Brief: When the line containing "Left : Display" appears in the entries below, begin printing there and stop after the line containing "port_label('input', 1, 'Tracking')"; print each of those lines exactly and no other line.

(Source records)
····················

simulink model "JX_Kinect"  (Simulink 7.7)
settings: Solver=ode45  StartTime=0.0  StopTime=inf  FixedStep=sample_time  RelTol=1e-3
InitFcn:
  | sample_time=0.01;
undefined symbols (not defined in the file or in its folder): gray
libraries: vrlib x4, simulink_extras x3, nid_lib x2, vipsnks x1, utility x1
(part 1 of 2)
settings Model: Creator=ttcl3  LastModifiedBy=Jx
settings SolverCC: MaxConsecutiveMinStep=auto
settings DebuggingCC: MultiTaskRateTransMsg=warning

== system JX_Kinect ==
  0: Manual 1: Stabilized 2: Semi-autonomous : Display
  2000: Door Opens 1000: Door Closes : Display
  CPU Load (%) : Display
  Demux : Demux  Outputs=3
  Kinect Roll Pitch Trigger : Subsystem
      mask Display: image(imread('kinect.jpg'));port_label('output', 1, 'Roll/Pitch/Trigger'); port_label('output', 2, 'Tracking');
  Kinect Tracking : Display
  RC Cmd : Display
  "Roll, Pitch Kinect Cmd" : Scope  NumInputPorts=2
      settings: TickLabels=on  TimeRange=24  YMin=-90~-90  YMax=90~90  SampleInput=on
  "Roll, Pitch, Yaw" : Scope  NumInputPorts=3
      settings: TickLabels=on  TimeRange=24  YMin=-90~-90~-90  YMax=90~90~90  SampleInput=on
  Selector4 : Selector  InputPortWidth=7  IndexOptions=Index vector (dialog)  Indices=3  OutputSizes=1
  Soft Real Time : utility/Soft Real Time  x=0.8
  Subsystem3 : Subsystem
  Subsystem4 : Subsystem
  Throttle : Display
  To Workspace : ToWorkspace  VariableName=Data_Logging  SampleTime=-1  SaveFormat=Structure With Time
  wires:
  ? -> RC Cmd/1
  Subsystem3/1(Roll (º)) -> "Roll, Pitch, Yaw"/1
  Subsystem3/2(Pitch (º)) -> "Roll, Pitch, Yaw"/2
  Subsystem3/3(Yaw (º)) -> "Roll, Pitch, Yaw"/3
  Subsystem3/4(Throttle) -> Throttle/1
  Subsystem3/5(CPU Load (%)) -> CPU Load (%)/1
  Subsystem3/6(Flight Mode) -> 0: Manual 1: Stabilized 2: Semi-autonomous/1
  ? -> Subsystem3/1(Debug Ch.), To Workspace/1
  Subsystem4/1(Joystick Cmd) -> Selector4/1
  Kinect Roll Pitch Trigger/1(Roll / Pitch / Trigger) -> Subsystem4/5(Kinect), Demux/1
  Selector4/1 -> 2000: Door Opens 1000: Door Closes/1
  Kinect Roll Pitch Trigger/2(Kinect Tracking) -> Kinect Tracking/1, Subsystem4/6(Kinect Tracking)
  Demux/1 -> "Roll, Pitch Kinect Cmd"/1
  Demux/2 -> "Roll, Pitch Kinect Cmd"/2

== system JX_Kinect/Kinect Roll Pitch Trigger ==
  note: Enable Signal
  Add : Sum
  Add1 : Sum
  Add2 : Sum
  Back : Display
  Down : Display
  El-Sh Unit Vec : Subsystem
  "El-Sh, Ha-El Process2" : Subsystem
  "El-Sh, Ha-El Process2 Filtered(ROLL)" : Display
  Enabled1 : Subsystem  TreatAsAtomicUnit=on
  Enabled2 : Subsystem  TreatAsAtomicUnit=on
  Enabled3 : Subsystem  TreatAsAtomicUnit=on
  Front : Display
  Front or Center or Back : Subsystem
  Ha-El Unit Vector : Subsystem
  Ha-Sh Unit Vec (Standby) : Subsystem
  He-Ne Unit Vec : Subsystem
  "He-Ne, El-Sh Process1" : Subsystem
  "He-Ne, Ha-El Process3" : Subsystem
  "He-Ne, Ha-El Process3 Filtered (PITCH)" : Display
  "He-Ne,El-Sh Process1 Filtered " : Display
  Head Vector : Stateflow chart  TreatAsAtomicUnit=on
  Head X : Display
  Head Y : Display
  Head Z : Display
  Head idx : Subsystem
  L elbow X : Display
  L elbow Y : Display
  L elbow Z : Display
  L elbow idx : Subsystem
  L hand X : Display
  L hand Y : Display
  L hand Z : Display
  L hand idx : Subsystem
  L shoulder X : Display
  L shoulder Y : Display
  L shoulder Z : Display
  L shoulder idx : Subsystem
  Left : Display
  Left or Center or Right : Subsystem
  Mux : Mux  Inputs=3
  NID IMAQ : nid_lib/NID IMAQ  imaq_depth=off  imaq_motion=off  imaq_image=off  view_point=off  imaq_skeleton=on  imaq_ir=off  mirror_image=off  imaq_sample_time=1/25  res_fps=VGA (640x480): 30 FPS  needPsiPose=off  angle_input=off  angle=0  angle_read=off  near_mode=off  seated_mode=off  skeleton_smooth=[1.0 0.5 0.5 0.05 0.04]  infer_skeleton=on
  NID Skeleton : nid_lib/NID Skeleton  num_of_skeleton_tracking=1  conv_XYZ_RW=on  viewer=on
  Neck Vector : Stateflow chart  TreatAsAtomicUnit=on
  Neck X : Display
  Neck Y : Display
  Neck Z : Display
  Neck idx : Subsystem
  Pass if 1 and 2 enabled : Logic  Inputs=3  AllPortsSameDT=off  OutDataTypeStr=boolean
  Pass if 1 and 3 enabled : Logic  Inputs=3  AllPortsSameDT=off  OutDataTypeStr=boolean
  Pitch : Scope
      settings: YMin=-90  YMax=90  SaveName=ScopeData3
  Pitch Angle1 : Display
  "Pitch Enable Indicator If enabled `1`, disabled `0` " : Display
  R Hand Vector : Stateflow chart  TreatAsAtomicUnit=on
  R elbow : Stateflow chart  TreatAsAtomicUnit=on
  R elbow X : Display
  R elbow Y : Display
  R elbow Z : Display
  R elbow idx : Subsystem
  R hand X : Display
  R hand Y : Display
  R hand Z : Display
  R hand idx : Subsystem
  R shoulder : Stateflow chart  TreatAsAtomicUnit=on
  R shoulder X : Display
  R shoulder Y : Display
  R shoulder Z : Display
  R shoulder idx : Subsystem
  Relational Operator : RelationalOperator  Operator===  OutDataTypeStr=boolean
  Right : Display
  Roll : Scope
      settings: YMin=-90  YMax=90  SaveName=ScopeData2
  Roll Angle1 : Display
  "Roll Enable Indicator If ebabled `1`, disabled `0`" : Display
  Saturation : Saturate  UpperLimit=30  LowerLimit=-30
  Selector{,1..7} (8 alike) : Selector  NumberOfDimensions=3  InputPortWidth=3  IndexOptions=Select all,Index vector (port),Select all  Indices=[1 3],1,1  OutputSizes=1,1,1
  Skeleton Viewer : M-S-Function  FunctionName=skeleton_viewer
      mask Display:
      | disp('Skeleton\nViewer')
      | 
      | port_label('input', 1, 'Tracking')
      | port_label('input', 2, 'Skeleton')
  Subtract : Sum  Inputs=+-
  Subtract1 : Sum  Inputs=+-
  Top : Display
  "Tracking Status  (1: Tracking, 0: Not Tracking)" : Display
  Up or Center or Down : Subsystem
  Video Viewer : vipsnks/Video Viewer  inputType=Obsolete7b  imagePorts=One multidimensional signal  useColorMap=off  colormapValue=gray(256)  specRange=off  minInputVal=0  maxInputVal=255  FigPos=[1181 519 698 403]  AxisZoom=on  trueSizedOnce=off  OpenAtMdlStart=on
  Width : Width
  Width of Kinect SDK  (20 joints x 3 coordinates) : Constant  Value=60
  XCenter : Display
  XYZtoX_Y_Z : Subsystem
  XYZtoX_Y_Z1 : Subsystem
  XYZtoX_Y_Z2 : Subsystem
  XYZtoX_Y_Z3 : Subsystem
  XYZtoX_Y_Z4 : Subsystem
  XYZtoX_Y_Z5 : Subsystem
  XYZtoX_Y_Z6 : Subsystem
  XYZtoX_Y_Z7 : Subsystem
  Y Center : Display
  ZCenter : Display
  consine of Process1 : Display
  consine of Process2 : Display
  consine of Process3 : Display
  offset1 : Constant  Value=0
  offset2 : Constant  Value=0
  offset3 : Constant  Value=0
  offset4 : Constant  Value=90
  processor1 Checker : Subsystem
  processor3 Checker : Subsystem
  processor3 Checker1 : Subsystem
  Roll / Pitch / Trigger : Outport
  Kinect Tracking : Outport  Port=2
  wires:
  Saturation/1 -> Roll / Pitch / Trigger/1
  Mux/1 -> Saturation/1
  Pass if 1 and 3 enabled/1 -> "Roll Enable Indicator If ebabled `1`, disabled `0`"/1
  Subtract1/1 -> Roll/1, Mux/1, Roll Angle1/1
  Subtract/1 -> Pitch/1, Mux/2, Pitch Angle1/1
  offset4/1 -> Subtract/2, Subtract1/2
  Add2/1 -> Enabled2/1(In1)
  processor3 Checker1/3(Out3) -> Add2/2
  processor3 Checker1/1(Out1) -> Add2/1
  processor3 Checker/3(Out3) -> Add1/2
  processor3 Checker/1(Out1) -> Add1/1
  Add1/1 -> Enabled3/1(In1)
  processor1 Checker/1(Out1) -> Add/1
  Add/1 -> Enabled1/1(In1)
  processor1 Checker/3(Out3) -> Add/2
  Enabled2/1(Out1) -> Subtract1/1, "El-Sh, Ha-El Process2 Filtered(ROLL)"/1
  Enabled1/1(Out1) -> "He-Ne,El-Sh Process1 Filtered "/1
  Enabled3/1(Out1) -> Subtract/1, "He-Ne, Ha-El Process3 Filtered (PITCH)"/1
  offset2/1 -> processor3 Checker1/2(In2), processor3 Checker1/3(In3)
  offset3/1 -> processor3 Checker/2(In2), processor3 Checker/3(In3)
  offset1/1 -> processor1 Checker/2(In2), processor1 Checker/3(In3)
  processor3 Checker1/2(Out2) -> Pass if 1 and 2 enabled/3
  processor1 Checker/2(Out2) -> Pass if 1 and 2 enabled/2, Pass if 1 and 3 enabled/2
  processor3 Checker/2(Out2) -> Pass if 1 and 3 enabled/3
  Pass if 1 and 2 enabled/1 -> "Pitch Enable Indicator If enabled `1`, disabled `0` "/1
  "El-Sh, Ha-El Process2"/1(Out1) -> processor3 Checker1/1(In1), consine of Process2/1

····················

Response area:
  Left : Display
  Left or Center or Right : Subsystem
  Mux : Mux  Inputs=3
  NID IMAQ : nid_lib/NID IMAQ  imaq_depth=off  imaq_motion=off  imaq_image=off  view_point=off  imaq_skeleton=on  imaq_ir=off  mirror_image=off  imaq_sample_time=1/25  res_fps=VGA (640x480): 30 FPS  needPsiPose=off  angle_input=off  angle=0  angle_read=off  near_mode=off  seated_mode=off  skeleton_smooth=[1.0 0.5 0.5 0.05 0.04]  infer_skeleton=on
  NID Skeleton : nid_lib/NID Skeleton  num_of_skeleton_tracking=1  conv_XYZ_RW=on  viewer=on
  Neck Vector : Stateflow chart  TreatAsAtomicUnit=on
  Neck X : Display
  Neck Y : Display
  Neck Z : Display
  Neck idx : Subsystem
  Pass if 1 and 2 enabled : Logic  Inputs=3  AllPortsSameDT=off  OutDataTypeStr=boolean
  Pass if 1 and 3 enabled : Logic  Inputs=3  AllPortsSameDT=off  OutDataTypeStr=boolean
  Pitch : Scope
      settings: YMin=-90  YMax=90  SaveName=ScopeData3
  Pitch Angle1 : Display
  "Pitch Enable Indicator If enabled `1`, disabled `0` " : Display
  R Hand Vector : Stateflow chart  TreatAsAtomicUnit=on
  R elbow : Stateflow chart  TreatAsAtomicUnit=on
  R elbow X : Display
  R elbow Y : Display
  R elbow Z : Display
  R elbow idx : Subsystem
  R hand X : Display
  R hand Y : Display
  R hand Z : Display
  R hand idx : Subsystem
  R shoulder : Stateflow chart  TreatAsAtomicUnit=on
  R shoulder X : Display
  R shoulder Y : Display
  R shoulder Z : Display
  R shoulder idx : Subsystem
  Relational Operator : RelationalOperator  Operator===  OutDataTypeStr=boolean
  Right : Display
  Roll : Scope
      settings: YMin=-90  YMax=90  SaveName=ScopeData2
  Roll Angle1 : Display
  "Roll Enable Indicator If ebabled `1`, disabled `0`" : Display
  Saturation : Saturate  UpperLimit=30  LowerLimit=-30
  Selector{,1..7} (8 alike) : Selector  NumberOfDimensions=3  InputPortWidth=3  IndexOptions=Select all,Index vector (port),Select all  Indices=[1 3],1,1  OutputSizes=1,1,1
  Skeleton Viewer : M-S-Function  FunctionName=skeleton_viewer
      mask Display:
      | disp('Skeleton\nViewer')
      | 
      | port_label('input', 1, 'Tracking')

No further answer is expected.